Until about the eighties of the XX century, breeders acted blindly, relying on external signs and patterns of their inheritance. Even in such an imperfect way, sometimes amazing achievements were made on their own scale. For example, Nobel Prize winner Norman Ernest Borlaug is called the "father of Green" for the fact that he was able to breed wheat and rice varieties with exceptional yields. According to the UN, this has already saved about a billion people from starvation and helped to preserve the very existence of Mexico, India and Pakistan.

Sometimes the trial and error method led to annoying miscalculations. For example, in addition to increasing the yield of potatoes and tomatoes of new varieties, they increased the level of toxins typical of the entire Solanaceae family. Such varieties were rejected, but no one could return the years of time spent. The problem of deterring genetics lies precisely in the fear of complex technologies, and not in the danger of the altered DNA itself. After all, absolutely any organism (except its own) is genetically alien to us.

New biotechnological methods make it possible to avoid such mistakes by immediately making controlled changes to the genotype. In addition to plants, this method is widely used in bacteria, since in addition to the main DNA, they also contain a plasmid that is convenient for work. Modified strains turn into a plant for the production of complex proteins, which are most in demand in medicine. Among them are insulin, erythropoietin, interferon and others. According to WHO, genetically engineered insulin alone saves hundreds of millions of people worldwide from severe complications and death.

The scheme of obtaining insulin by genetic engineering methods (based on the materials: discoveryandinnovation.com ).

Today, the quality of our life directly depends on how quickly we can figure out the details of protein synthesis and learn how to manage this process. Simple methods of changing the genome are no longer enough – it is necessary to expand the genetic programming language itself by introducing new operators into it. This is exactly what was done at the Scripps Institute, combining the results of scientific work on this topic for more than twenty years.

In nature, the nucleic acids of all living beings contain only four nitrogenous bases: guanine (G), adenine (A), thymine (T) and cytosine (C) in DNA, plus an unmethylated form of thymine (uracil – U) in RNA. Each section of three consecutive bases forms a codon, in which the command to synthesize a certain amino acid, or "start/stop" signals, is encrypted.

The coding scheme of amino acids in DNA (image: mpnforum.com ).

With a large chemical diversity of amino acids as a group of substances, the proteins of any living organism consist of only twenty L-alpha amino acids. Their position determines the structure of proteins and their biological properties.

This code is characterized by redundancy: some amino acids can be encoded in different ways. For example, the entry CG*, where * is any third base, will lead to the synthesis of arginine inside the cell.
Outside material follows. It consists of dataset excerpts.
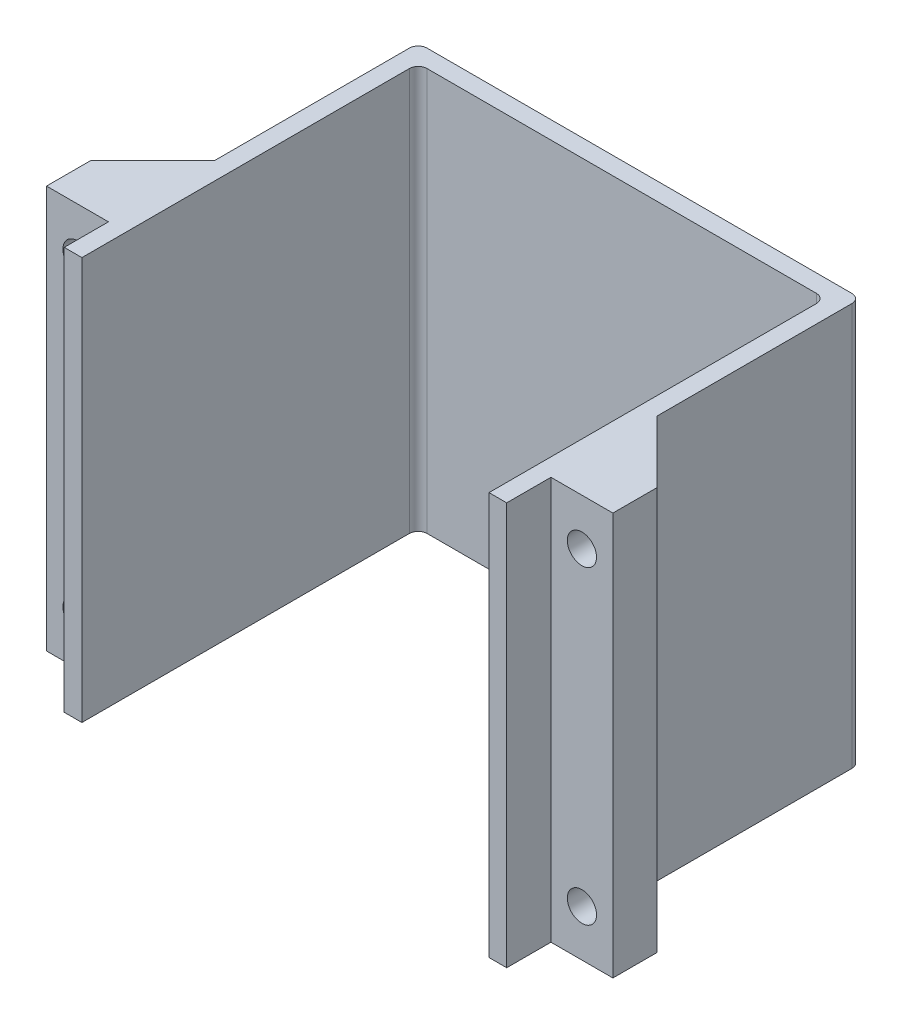
ISO-10303-21;
HEADER;
FILE_DESCRIPTION(('STEP AP214'),'2;1');
FILE_NAME('part.step','',(''),(''),'','','');
FILE_SCHEMA(('AUTOMOTIVE_DESIGN { 1 0 10303 214 1 1 1 1 }'));
ENDSEC;
DATA;
#1=APPLICATION_CONTEXT('core data for automotive mechanical design processes');
#2=APPLICATION_PROTOCOL_DEFINITION('international standard','automotive_design',2000,#1);
#3=PRODUCT_CONTEXT('',#1,'mechanical');
#4=PRODUCT('Part','Part','',(#3));
#5=PRODUCT_RELATED_PRODUCT_CATEGORY('part','',(#4));
#6=PRODUCT_DEFINITION_FORMATION('','',#4);
#7=PRODUCT_DEFINITION_CONTEXT('part definition',#1,'design');
#8=PRODUCT_DEFINITION('design','',#6,#7);
#9=PRODUCT_DEFINITION_SHAPE('','',#8);
#10=(LENGTH_UNIT() NAMED_UNIT(*) SI_UNIT(.MILLI.,.METRE.));
#11=(NAMED_UNIT(*) PLANE_ANGLE_UNIT() SI_UNIT($,.RADIAN.));
#12=(NAMED_UNIT(*) SI_UNIT($,.STERADIAN.) SOLID_ANGLE_UNIT());
#13=UNCERTAINTY_MEASURE_WITH_UNIT(LENGTH_MEASURE(1.E-05),#10,'distance_accuracy_value','');
#14=(GEOMETRIC_REPRESENTATION_CONTEXT(3) GLOBAL_UNCERTAINTY_ASSIGNED_CONTEXT((#13)) GLOBAL_UNIT_ASSIGNED_CONTEXT((#10,
#11,#12)) REPRESENTATION_CONTEXT('',''));
#15=CARTESIAN_POINT('',(0.,0.,0.));
#16=DIRECTION('',(0.,0.,1.));
#17=DIRECTION('',(1.,0.,0.));
#18=AXIS2_PLACEMENT_3D('',#15,#16,#17);
#19=CARTESIAN_POINT('',(28.5,5.25,-20.001));
#20=DIRECTION('',(0.,0.,1.));
#21=DIRECTION('',(1.,0.,0.));
#22=AXIS2_PLACEMENT_3D('',#19,#20,#21);
#23=CYLINDRICAL_SURFACE('',#22,1.65);
#24=CARTESIAN_POINT('',(28.5,5.25,10.));
#25=DIRECTION('',(0.,0.,-1.));
#26=DIRECTION('',(-1.,0.,0.));
#27=AXIS2_PLACEMENT_3D('',#24,#25,#26);
#28=CIRCLE('',#27,1.65);
#29=CARTESIAN_POINT('',(26.85,5.25,10.));
#30=VERTEX_POINT('',#29);
#31=EDGE_CURVE('E247',#30,#30,#28,.F.);
#32=ORIENTED_EDGE('',*,*,#31,.F.);
#33=EDGE_LOOP('',(#32));
#34=FACE_BOUND('',#33,.T.);
#35=CARTESIAN_POINT('',(28.5,5.25,15.));
#36=DIRECTION('',(0.,0.,1.));
#37=DIRECTION('',(1.,0.,0.));
#38=AXIS2_PLACEMENT_3D('',#35,#36,#37);
#39=CIRCLE('',#38,1.65);
#40=CARTESIAN_POINT('',(30.15,5.25,15.));
#41=VERTEX_POINT('',#40);
#42=EDGE_CURVE('E739',#41,#41,#39,.F.);
#43=ORIENTED_EDGE('',*,*,#42,.F.);
#44=EDGE_LOOP('',(#43));
#45=FACE_BOUND('',#44,.T.);
#46=ADVANCED_FACE('F37',(#34,#45),#23,.F.);
#47=CARTESIAN_POINT('',(28.5,40.25,-20.001));
#48=DIRECTION('',(0.,0.,1.));
#49=DIRECTION('',(1.,0.,0.));
#50=AXIS2_PLACEMENT_3D('',#47,#48,#49);
#51=CYLINDRICAL_SURFACE('',#50,1.65);
#52=CARTESIAN_POINT('',(28.5,40.25,10.));
#53=DIRECTION('',(0.,0.,-1.));
#54=DIRECTION('',(-1.,0.,0.));
#55=AXIS2_PLACEMENT_3D('',#52,#53,#54);
#56=CIRCLE('',#55,1.65);
#57=CARTESIAN_POINT('',(26.85,40.25,10.));
#58=VERTEX_POINT('',#57);
#59=EDGE_CURVE('E244',#58,#58,#56,.F.);
#60=ORIENTED_EDGE('',*,*,#59,.F.);
#61=EDGE_LOOP('',(#60));
#62=FACE_BOUND('',#61,.T.);
#63=CARTESIAN_POINT('',(28.5,40.25,15.));
#64=DIRECTION('',(0.,0.,1.));
#65=DIRECTION('',(1.,0.,0.));
#66=AXIS2_PLACEMENT_3D('',#63,#64,#65);
#67=CIRCLE('',#66,1.65);
#68=CARTESIAN_POINT('',(30.15,40.25,15.));
#69=VERTEX_POINT('',#68);
#70=EDGE_CURVE('E736',#69,#69,#67,.F.);
#71=ORIENTED_EDGE('',*,*,#70,.F.);
#72=EDGE_LOOP('',(#71));
#73=FACE_BOUND('',#72,.T.);
#74=ADVANCED_FACE('F429',(#62,#73),#51,.F.);
#75=CARTESIAN_POINT('',(32.,45.5,-20.));
#76=DIRECTION('',(-1.,0.,0.));
#77=DIRECTION('',(0.,0.,1.));
#78=AXIS2_PLACEMENT_3D('',#75,#76,#77);
#79=PLANE('',#78);
#80=DIRECTION('',(0.,-1.,0.));
#81=VECTOR('',#80,1.);
#82=CARTESIAN_POINT('',(32.,45.5,15.));
#83=LINE('',#82,#81);
#84=CARTESIAN_POINT('',(32.,45.5,15.));
#85=VERTEX_POINT('',#84);
#86=CARTESIAN_POINT('',(32.,0.,15.));
#87=VERTEX_POINT('',#86);
#88=EDGE_CURVE('E175',#85,#87,#83,.T.);
#89=ORIENTED_EDGE('',*,*,#88,.T.);
#90=DIRECTION('',(0.,0.,-1.));
#91=VECTOR('',#90,1.);
#92=CARTESIAN_POINT('',(32.,0.,-20.));
#93=LINE('',#92,#91);
#94=CARTESIAN_POINT('',(32.,0.,10.));
#95=VERTEX_POINT('',#94);
#96=EDGE_CURVE('E221',#87,#95,#93,.T.);
#97=ORIENTED_EDGE('',*,*,#96,.T.);
#98=DIRECTION('',(0.,1.,0.));
#99=VECTOR('',#98,1.);
#100=CARTESIAN_POINT('',(32.,-0.001000000000001,10.));
#101=LINE('',#100,#99);
#102=CARTESIAN_POINT('',(32.,45.5,10.));
#103=VERTEX_POINT('',#102);
#104=EDGE_CURVE('E201',#95,#103,#101,.T.);
#105=ORIENTED_EDGE('',*,*,#104,.T.);
#106=DIRECTION('',(0.,0.,-1.));
#107=VECTOR('',#106,1.);
#108=CARTESIAN_POINT('',(32.,45.5,-20.));
#109=LINE('',#108,#107);
#110=EDGE_CURVE('E193',#85,#103,#109,.T.);
#111=ORIENTED_EDGE('',*,*,#110,.F.);
#112=EDGE_LOOP('',(#89,#97,#105,#111));
#113=FACE_BOUND('',#112,.T.);
#114=ADVANCED_FACE('F199',(#113),#79,.F.);
#115=CARTESIAN_POINT('',(0.,45.5,0.));
#116=DIRECTION('',(0.,1.,0.));
#117=DIRECTION('',(0.,0.,1.));
#118=AXIS2_PLACEMENT_3D('',#115,#116,#117);
#119=PLANE('',#118);
#120=DIRECTION('',(-1.,0.,0.));
#121=VECTOR('',#120,1.);
#122=CARTESIAN_POINT('',(-32.,45.5,-20.));
#123=LINE('',#122,#121);
#124=CARTESIAN_POINT('',(24.,45.5,-20.));
#125=VERTEX_POINT('',#124);
#126=CARTESIAN_POINT('',(-24.,45.5,-20.));
#127=VERTEX_POINT('',#126);
#128=EDGE_CURVE('E203',#125,#127,#123,.T.);
#129=ORIENTED_EDGE('',*,*,#128,.T.);
#130=CARTESIAN_POINT('',(-24.,45.5,-19.));
#131=DIRECTION('',(0.,1.,0.));
#132=DIRECTION('',(0.,0.,1.));
#133=AXIS2_PLACEMENT_3D('',#130,#131,#132);
#134=CIRCLE('',#133,1.);
#135=CARTESIAN_POINT('',(-25.,45.5,-19.));
#136=VERTEX_POINT('',#135);
#137=EDGE_CURVE('E264',#127,#136,#134,.T.);
#138=ORIENTED_EDGE('',*,*,#137,.T.);
#139=DIRECTION('',(0.,0.,-1.));
#140=VECTOR('',#139,1.);
#141=CARTESIAN_POINT('',(-25.,45.5,-20.));
#142=LINE('',#141,#140);
#143=CARTESIAN_POINT('',(-25.,45.5,3.00000000000006));
#144=VERTEX_POINT('',#143);
#145=EDGE_CURVE('E368',#144,#136,#142,.T.);
#146=ORIENTED_EDGE('',*,*,#145,.F.);
#147=DIRECTION('',(-0.707106781186551,0.,0.707106781186544));
#148=VECTOR('',#147,1.);
#149=CARTESIAN_POINT('',(-25.,45.5,3.00000000000006));
#150=LINE('',#149,#148);
#151=CARTESIAN_POINT('',(-32.,45.5,10.));
#152=VERTEX_POINT('',#151);
#153=EDGE_CURVE('E361',#144,#152,#150,.T.);
#154=ORIENTED_EDGE('',*,*,#153,.T.);
#155=DIRECTION('',(0.,0.,1.));
#156=VECTOR('',#155,1.);
#157=CARTESIAN_POINT('',(-32.,45.5,-20.));
#158=LINE('',#157,#156);
#159=CARTESIAN_POINT('',(-32.,45.5,15.));
#160=VERTEX_POINT('',#159);
#161=EDGE_CURVE('E206',#152,#160,#158,.T.);
#162=ORIENTED_EDGE('',*,*,#161,.T.);
#163=DIRECTION('',(-1.,0.,0.));
#164=VECTOR('',#163,1.);
#165=CARTESIAN_POINT('',(-32.,45.5,15.));
#166=LINE('',#165,#164);
#167=CARTESIAN_POINT('',(-25.,45.5,15.));
#168=VERTEX_POINT('',#167);
#169=EDGE_CURVE('E339',#168,#160,#166,.T.);
#170=ORIENTED_EDGE('',*,*,#169,.F.);
#171=DIRECTION('',(0.,0.,1.));
#172=VECTOR('',#171,1.);
#173=CARTESIAN_POINT('',(-25.,45.5,15.));
#174=LINE('',#173,#172);
#175=CARTESIAN_POINT('',(-25.,45.5,20.));
#176=VERTEX_POINT('',#175);
#177=EDGE_CURVE('E338',#168,#176,#174,.T.);
#178=ORIENTED_EDGE('',*,*,#177,.T.);
#179=DIRECTION('',(1.,0.,0.));
#180=VECTOR('',#179,1.);
#181=CARTESIAN_POINT('',(-32.,45.5,20.));
#182=LINE('',#181,#180);
#183=CARTESIAN_POINT('',(-23.,45.5,20.));
#184=VERTEX_POINT('',#183);
#185=EDGE_CURVE('E217',#176,#184,#182,.T.);
#186=ORIENTED_EDGE('',*,*,#185,.T.);
#187=DIRECTION('',(0.,0.,1.));
#188=VECTOR('',#187,1.);
#189=CARTESIAN_POINT('',(-23.,45.5,-18.));
#190=LINE('',#189,#188);
#191=CARTESIAN_POINT('',(-23.,45.5,-17.));
#192=VERTEX_POINT('',#191);
#193=EDGE_CURVE('E300',#192,#184,#190,.T.);
#194=ORIENTED_EDGE('',*,*,#193,.F.);
#195=CARTESIAN_POINT('',(-22.,45.5,-17.));
#196=DIRECTION('',(0.,1.,0.));
#197=DIRECTION('',(0.,0.,1.));
#198=AXIS2_PLACEMENT_3D('',#195,#196,#197);
#199=CIRCLE('',#198,1.);
#200=CARTESIAN_POINT('',(-22.,45.5,-18.));
#201=VERTEX_POINT('',#200);
#202=EDGE_CURVE('E284',#192,#201,#199,.F.);
#203=ORIENTED_EDGE('',*,*,#202,.T.);
#204=DIRECTION('',(-1.,0.,0.));
#205=VECTOR('',#204,1.);
#206=CARTESIAN_POINT('',(23.,45.5,-18.));
#207=LINE('',#206,#205);
#208=CARTESIAN_POINT('',(22.,45.5,-18.));
#209=VERTEX_POINT('',#208);
#210=EDGE_CURVE('E292',#209,#201,#207,.T.);
#211=ORIENTED_EDGE('',*,*,#210,.F.);
#212=CARTESIAN_POINT('',(22.,45.5,-17.));
#213=DIRECTION('',(0.,1.,0.));
#214=DIRECTION('',(0.,0.,1.));
#215=AXIS2_PLACEMENT_3D('',#212,#213,#214);
#216=CIRCLE('',#215,1.);
#217=CARTESIAN_POINT('',(23.,45.5,-17.));
#218=VERTEX_POINT('',#217);
#219=EDGE_CURVE('E45',#209,#218,#216,.F.);
#220=ORIENTED_EDGE('',*,*,#219,.T.);
#221=DIRECTION('',(0.,0.,-1.));
#222=VECTOR('',#221,1.);
#223=CARTESIAN_POINT('',(23.,45.5,-18.));
#224=LINE('',#223,#222);
#225=CARTESIAN_POINT('',(23.,45.5,20.));
#226=VERTEX_POINT('',#225);
#227=EDGE_CURVE('E289',#226,#218,#224,.T.);
#228=ORIENTED_EDGE('',*,*,#227,.F.);
#229=CARTESIAN_POINT('',(25.,45.5,20.));
#230=VERTEX_POINT('',#229);
#231=EDGE_CURVE('E216',#226,#230,#182,.T.);
#232=ORIENTED_EDGE('',*,*,#231,.T.);
#233=DIRECTION('',(0.,0.,1.));
#234=VECTOR('',#233,1.);
#235=CARTESIAN_POINT('',(25.,45.5,15.));
#236=LINE('',#235,#234);
#237=CARTESIAN_POINT('',(25.,45.5,15.));
#238=VERTEX_POINT('',#237);
#239=EDGE_CURVE('E196',#238,#230,#236,.T.);
#240=ORIENTED_EDGE('',*,*,#239,.F.);
#241=DIRECTION('',(1.,0.,0.));
#242=VECTOR('',#241,1.);
#243=CARTESIAN_POINT('',(32.,45.5,15.));
#244=LINE('',#243,#242);
#245=EDGE_CURVE('E180',#238,#85,#244,.T.);
#246=ORIENTED_EDGE('',*,*,#245,.T.);
#247=ORIENTED_EDGE('',*,*,#110,.T.);
#248=DIRECTION('',(0.707106781186551,0.,0.707106781186544));
#249=VECTOR('',#248,1.);
#250=CARTESIAN_POINT('',(25.,45.5,3.00000000000006));
#251=LINE('',#250,#249);
#252=CARTESIAN_POINT('',(25.,45.5,3.00000000000006));
#253=VERTEX_POINT('',#252);
#254=EDGE_CURVE('E398',#253,#103,#251,.T.);
#255=ORIENTED_EDGE('',*,*,#254,.F.);
#256=DIRECTION('',(0.,0.,-1.));
#257=VECTOR('',#256,1.);
#258=CARTESIAN_POINT('',(25.,45.5,-20.));
#259=LINE('',#258,#257);
#260=CARTESIAN_POINT('',(25.,45.5,-19.));
#261=VERTEX_POINT('',#260);
#262=EDGE_CURVE('E396',#253,#261,#259,.T.);
#263=ORIENTED_EDGE('',*,*,#262,.T.);
#264=CARTESIAN_POINT('',(24.,45.5,-19.));
#265=DIRECTION('',(0.,1.,0.));
#266=DIRECTION('',(0.,0.,1.));
#267=AXIS2_PLACEMENT_3D('',#264,#265,#266);
#268=CIRCLE('',#267,1.);
#269=EDGE_CURVE('E262',#261,#125,#268,.T.);
#270=ORIENTED_EDGE('',*,*,#269,.T.);
#271=EDGE_LOOP('',(#129,#138,#146,#154,#162,#170,#178,#186,#194,#203,#211,#220,#228,#232,#240,
#246,#247,#255,#263,#270));
#272=FACE_BOUND('',#271,.T.);
#273=ADVANCED_FACE('F191',(#272),#119,.T.);
#274=CARTESIAN_POINT('',(0.,0.,0.));
#275=DIRECTION('',(0.,1.,0.));
#276=DIRECTION('',(0.,0.,1.));
#277=AXIS2_PLACEMENT_3D('',#274,#275,#276);
#278=PLANE('',#277);
#279=DIRECTION('',(0.,0.,1.));
#280=VECTOR('',#279,1.);
#281=CARTESIAN_POINT('',(-25.,0.,-20.));
#282=LINE('',#281,#280);
#283=CARTESIAN_POINT('',(-25.,0.,-19.));
#284=VERTEX_POINT('',#283);
#285=CARTESIAN_POINT('',(-25.,0.,3.00000000000006));
#286=VERTEX_POINT('',#285);
#287=EDGE_CURVE('E364',#284,#286,#282,.T.);
#288=ORIENTED_EDGE('',*,*,#287,.F.);
#289=CARTESIAN_POINT('',(-24.,0.,-19.));
#290=DIRECTION('',(0.,1.,0.));
#291=DIRECTION('',(0.,0.,1.));
#292=AXIS2_PLACEMENT_3D('',#289,#290,#291);
#293=CIRCLE('',#292,1.);
#294=CARTESIAN_POINT('',(-24.,0.,-20.));
#295=VERTEX_POINT('',#294);
#296=EDGE_CURVE('E269',#284,#295,#293,.F.);
#297=ORIENTED_EDGE('',*,*,#296,.T.);
#298=DIRECTION('',(-1.,0.,0.));
#299=VECTOR('',#298,1.);
#300=CARTESIAN_POINT('',(-32.,0.,-20.));
#301=LINE('',#300,#299);
#302=CARTESIAN_POINT('',(24.,0.,-20.));
#303=VERTEX_POINT('',#302);
#304=EDGE_CURVE('E223',#303,#295,#301,.T.);
#305=ORIENTED_EDGE('',*,*,#304,.F.);
#306=CARTESIAN_POINT('',(24.,0.,-19.));
#307=DIRECTION('',(0.,1.,0.));
#308=DIRECTION('',(0.,0.,1.));
#309=AXIS2_PLACEMENT_3D('',#306,#307,#308);
#310=CIRCLE('',#309,1.);
#311=CARTESIAN_POINT('',(25.,0.,-19.));
#312=VERTEX_POINT('',#311);
#313=EDGE_CURVE('E52',#303,#312,#310,.F.);
#314=ORIENTED_EDGE('',*,*,#313,.T.);
#315=DIRECTION('',(0.,0.,1.));
#316=VECTOR('',#315,1.);
#317=CARTESIAN_POINT('',(25.,0.,-20.));
#318=LINE('',#317,#316);
#319=CARTESIAN_POINT('',(25.,0.,3.00000000000006));
#320=VERTEX_POINT('',#319);
#321=EDGE_CURVE('E397',#312,#320,#318,.T.);
#322=ORIENTED_EDGE('',*,*,#321,.T.);
#323=DIRECTION('',(0.707106781186551,0.,0.707106781186544));
#324=VECTOR('',#323,1.);
#325=CARTESIAN_POINT('',(25.,0.,3.00000000000006));
#326=LINE('',#325,#324);
#327=EDGE_CURVE('E257',#320,#95,#326,.T.);
#328=ORIENTED_EDGE('',*,*,#327,.T.);
#329=ORIENTED_EDGE('',*,*,#96,.F.);
#330=DIRECTION('',(-1.,0.,0.));
#331=VECTOR('',#330,1.);
#332=CARTESIAN_POINT('',(32.,0.,15.));
#333=LINE('',#332,#331);
#334=CARTESIAN_POINT('',(25.,0.,15.));
#335=VERTEX_POINT('',#334);
#336=EDGE_CURVE('E183',#87,#335,#333,.T.);
#337=ORIENTED_EDGE('',*,*,#336,.T.);
#338=DIRECTION('',(0.,0.,1.));
#339=VECTOR('',#338,1.);
#340=CARTESIAN_POINT('',(25.,0.,15.));
#341=LINE('',#340,#339);
#342=CARTESIAN_POINT('',(25.,0.,20.));
#343=VERTEX_POINT('',#342);
#344=EDGE_CURVE('E733',#335,#343,#341,.T.);
#345=ORIENTED_EDGE('',*,*,#344,.T.);
#346=DIRECTION('',(1.,0.,0.));
#347=VECTOR('',#346,1.);
#348=CARTESIAN_POINT('',(-32.,0.,20.));
#349=LINE('',#348,#347);
#350=CARTESIAN_POINT('',(23.,0.,20.));
#351=VERTEX_POINT('',#350);
#352=EDGE_CURVE('E208',#351,#343,#349,.T.);
#353=ORIENTED_EDGE('',*,*,#352,.F.);
#354=DIRECTION('',(0.,0.,1.));
#355=VECTOR('',#354,1.);
#356=CARTESIAN_POINT('',(23.,0.,-18.));
#357=LINE('',#356,#355);
#358=CARTESIAN_POINT('',(23.,0.,-17.));
#359=VERTEX_POINT('',#358);
#360=EDGE_CURVE('E308',#359,#351,#357,.T.);
#361=ORIENTED_EDGE('',*,*,#360,.F.);
#362=CARTESIAN_POINT('',(22.,0.,-17.));
#363=DIRECTION('',(0.,1.,0.));
#364=DIRECTION('',(0.,0.,1.));
#365=AXIS2_PLACEMENT_3D('',#362,#363,#364);
#366=CIRCLE('',#365,1.);
#367=CARTESIAN_POINT('',(22.,0.,-18.));
#368=VERTEX_POINT('',#367);
#369=EDGE_CURVE('E12',#359,#368,#366,.T.);
#370=ORIENTED_EDGE('',*,*,#369,.T.);
#371=DIRECTION('',(1.,0.,0.));
#372=VECTOR('',#371,1.);
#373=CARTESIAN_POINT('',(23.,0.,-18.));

Therefore, despite the three-letter system, in the process of protein biosynthesis, not 64 = 4 ³, but only twenty different variants of amino acids are formed. Rare selenocysteine, pyrrolysine and other "non-standard" alpha-amino acids do not violate this rule. They fall out of the general list, as they are formed differently – by modifying one of the main amino acids after its synthesis.

In laboratory conditions in addition to AT(U)GC can also use other coding molecules, such as d5SICS and DNAm. Adding just a couple of synthetic compounds to the standard set of nitrogenous bases actually creates a new genetic alphabet. With its help, it is possible to encode the biosynthesis of not twenty, but one hundred and seventy-two amino acids. The number of new protein variants that can be synthesized from them becomes simply astronomical.

Just two new compounds expand the number of possible amino acids from 20 to 172 (image: cen.acs.org ).

"In principle, we could encode completely new proteins made from naturally occurring amino acids," explains Floyd E. Romesberg, head of the group. "It would give us more power than ever. We could adapt the technology to create protein therapeutic and diagnostic tools, laboratory reagents and much more. Such aspects of application as nanomaterials are also possible."

Synthetic nucleotides d5SICS and DNAm bind via hydrophobic interactions, while natural ones form hydrogen bonds. This does not prevent them from being used to expand the genetic alphabet, but creates a number of surmountable difficulties.

Comparison of the bonds of synthetic (d5SICS-DNAm) and natural (C-G) nucleotides (image: nature.com ).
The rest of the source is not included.